What you will do
For the entries that follow, restate word for word the line containing "3, 0) normal", the line containing "line L6 (9.525, 11.4625)", and every line that lies between them.

Collection entries
::::::
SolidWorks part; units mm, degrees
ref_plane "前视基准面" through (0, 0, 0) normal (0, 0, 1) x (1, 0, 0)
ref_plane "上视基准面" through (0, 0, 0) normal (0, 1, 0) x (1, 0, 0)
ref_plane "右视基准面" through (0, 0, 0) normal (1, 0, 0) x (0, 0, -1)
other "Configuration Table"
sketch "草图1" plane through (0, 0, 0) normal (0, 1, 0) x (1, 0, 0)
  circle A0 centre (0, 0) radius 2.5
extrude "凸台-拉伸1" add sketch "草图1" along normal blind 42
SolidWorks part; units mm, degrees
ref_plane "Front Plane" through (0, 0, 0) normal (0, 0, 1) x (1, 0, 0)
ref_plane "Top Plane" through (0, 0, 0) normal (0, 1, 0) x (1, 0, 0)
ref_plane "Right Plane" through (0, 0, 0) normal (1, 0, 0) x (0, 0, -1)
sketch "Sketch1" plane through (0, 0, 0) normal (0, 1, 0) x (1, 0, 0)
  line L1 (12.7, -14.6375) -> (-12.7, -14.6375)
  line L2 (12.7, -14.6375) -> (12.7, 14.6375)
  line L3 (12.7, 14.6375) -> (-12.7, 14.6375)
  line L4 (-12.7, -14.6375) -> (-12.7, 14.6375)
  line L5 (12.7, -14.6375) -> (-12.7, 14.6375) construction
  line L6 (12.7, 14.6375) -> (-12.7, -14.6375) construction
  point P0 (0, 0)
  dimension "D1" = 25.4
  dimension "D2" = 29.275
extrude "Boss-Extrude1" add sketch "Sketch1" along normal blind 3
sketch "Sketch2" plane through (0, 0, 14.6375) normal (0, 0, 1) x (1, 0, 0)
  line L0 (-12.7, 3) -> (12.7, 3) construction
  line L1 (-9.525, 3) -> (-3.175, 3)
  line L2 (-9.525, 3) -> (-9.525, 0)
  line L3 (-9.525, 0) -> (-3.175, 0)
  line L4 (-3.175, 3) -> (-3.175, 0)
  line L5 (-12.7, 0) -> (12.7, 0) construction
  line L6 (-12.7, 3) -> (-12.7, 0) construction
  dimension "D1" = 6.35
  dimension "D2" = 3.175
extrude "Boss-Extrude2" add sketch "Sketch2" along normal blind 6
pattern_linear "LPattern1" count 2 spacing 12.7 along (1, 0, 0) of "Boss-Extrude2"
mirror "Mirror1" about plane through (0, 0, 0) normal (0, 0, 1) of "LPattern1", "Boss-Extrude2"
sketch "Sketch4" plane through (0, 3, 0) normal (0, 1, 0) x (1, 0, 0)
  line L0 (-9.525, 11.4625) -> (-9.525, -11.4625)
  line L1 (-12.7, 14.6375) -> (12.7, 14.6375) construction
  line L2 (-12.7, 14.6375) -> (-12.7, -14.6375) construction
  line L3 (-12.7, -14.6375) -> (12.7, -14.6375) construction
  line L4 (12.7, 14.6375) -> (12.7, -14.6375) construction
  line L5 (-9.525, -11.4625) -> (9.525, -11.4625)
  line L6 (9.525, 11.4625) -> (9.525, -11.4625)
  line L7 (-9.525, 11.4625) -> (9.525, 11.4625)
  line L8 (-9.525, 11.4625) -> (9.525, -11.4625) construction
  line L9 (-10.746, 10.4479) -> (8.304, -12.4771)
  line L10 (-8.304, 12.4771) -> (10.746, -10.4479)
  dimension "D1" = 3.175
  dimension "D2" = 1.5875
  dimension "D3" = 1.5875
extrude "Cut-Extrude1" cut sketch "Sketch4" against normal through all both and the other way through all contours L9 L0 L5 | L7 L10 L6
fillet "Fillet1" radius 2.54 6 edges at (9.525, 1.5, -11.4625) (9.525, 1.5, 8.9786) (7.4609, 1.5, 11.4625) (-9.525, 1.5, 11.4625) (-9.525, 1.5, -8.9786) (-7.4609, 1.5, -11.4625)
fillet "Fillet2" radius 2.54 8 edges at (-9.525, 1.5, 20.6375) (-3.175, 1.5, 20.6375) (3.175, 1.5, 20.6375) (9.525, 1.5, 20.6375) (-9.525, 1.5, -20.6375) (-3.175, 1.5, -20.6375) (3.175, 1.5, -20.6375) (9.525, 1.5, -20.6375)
::::::
Solution to this task
sketch "Sketch4" plane through (0, 3, 0) normal (0, 1, 0) x (1, 0, 0)
  line L0 (-9.525, 11.4625) -> (-9.525, -11.4625)
  line L1 (-12.7, 14.6375) -> (12.7, 14.6375) construction
  line L2 (-12.7, 14.6375) -> (-12.7, -14.6375) construction
  line L3 (-12.7, -14.6375) -> (12.7, -14.6375) construction
  line L4 (12.7, 14.6375) -> (12.7, -14.6375) construction
  line L5 (-9.525, -11.4625) -> (9.525, -11.4625)
  line L6 (9.525, 11.4625) -> (9.525, -11.4625)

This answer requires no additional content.